Ritenuto, pertanto, che:
- il ricorso deve essere dichiarato improcedibile per sopravvenuta carenza di interesse;
- quanto alle spese di giudizio, le stesse possono essere compensate stante che l’Amministrazione resistente non ha svolto specifiche difese e si è limitata a produrre documentazione.
P.Q.M.
Il Tribunale Amministrativo Regionale per la Sicilia, Sezione Quarta, definitivamente pronunciando sul ricorso, come in epigrafe proposto, lo dichiara improcedibile per sopravvenuta carenza di interesse.
Compensa tra le parti le spese di giudizio.
Ordina che la presente sentenza sia eseguita dall'autorità amministrativa.
Ritenuto che sussistano i presupposti di cui all’articolo 52, commi 1, 2 e 5, del decreto legislativo 30 giugno 2003, n. 196 e dell’articolo 6, paragrafo 1, lettera f), del Regolamento (UE) 2016/679 del Parlamento europeo e del Consiglio del 27 aprile 2016, manda alla Segreteria di procedere, in qualsiasi ipotesi di riproduzione e diffusione del presente provvedimento, all’oscuramento delle generalità dei minori, dei soggetti esercenti la responsabilità genitoriale o la tutela e di ogni altro dato idoneo ad identificare i medesimi interessati ivi citati.

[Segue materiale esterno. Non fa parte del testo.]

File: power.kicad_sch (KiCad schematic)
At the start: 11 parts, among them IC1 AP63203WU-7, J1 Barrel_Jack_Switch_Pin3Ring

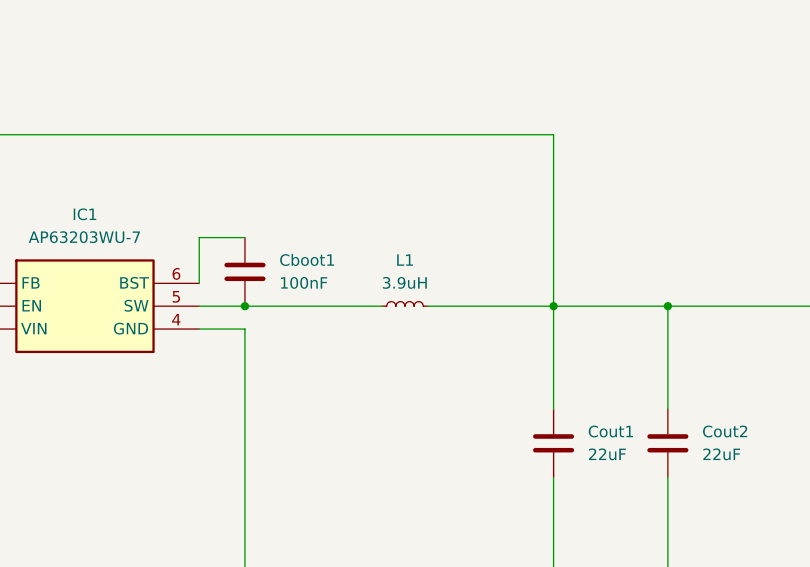
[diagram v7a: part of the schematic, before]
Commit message: fix: FP for USB connector and schotky diode
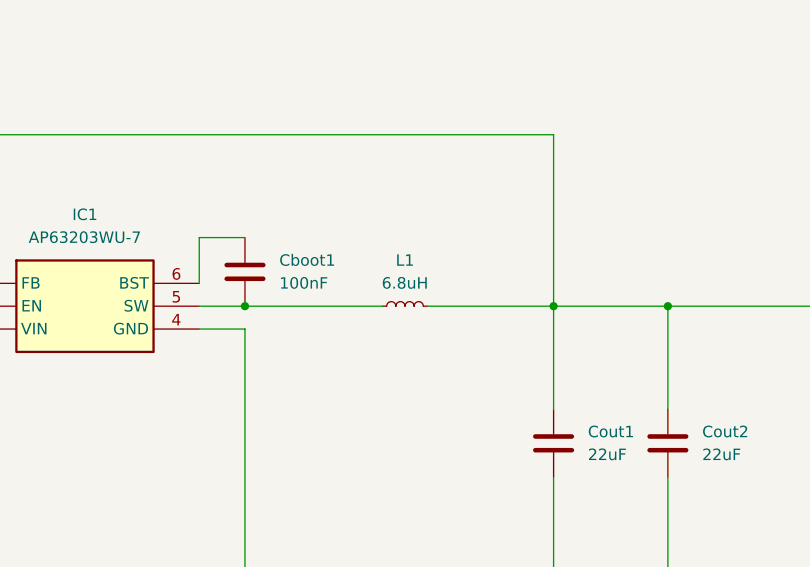
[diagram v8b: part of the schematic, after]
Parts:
- D2, D3: footprint Diode_THT:D_T-1_P10.16mm_Horizontal -> schotky_DB2441600L:SODFL4724X90N
- L1: value 3.9uH -> 6.8uH; footprint Inductor_SMD:L_Bourns-SRN6028 -> Inductor_SMD:L_Bourns_SRR1260
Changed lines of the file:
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@@
 			)
 		)
-		(property "Footprint" "Diode_THT:D_T-1_P10.16mm_Horizontal"
+		(property "Footprint" "schotky_DB2441600L:SODFL4724X90N"
 			(at 113.03 62.23 90)
 			(effects
@@
 			)
 		)
-		(property "Footprint" "Diode_THT:D_T-1_P10.16mm_Horizontal"
+		(property "Footprint" "schotky_DB2441600L:SODFL4724X90N"
 			(at 102.87 68.58 90)
 			(effects
@@
 			)
 		)
-		(property "Value" "3.9uH"
+		(property "Value" "6.8uH"
 			(at 189.23 63.5 90)
 			(effects
@@
 			)
 		)
-		(property "Footprint" "Inductor_SMD:L_Bourns-SRN6028"
+		(property "Footprint" "Inductor_SMD:L_Bourns_SRR1260"
 			(at 189.23 66.04 0)
 			(effects

Così deciso in Palermo nella camera di consiglio del giorno 5 dicembre 2024 con l'intervento dei magistrati:
Francesco Bruno, Presidente
Anna Pignataro, Consigliere
Annalisa Stefanelli, Referendario, Estensore
| L'ESTENSORE | IL PRESIDENTE |
| Annalisa Stefanelli | Francesco Bruno |
IL SEGRETARIO
In caso di diffusione omettere le generalità e gli altri dati identificativi dei soggetti interessati nei termini indicati.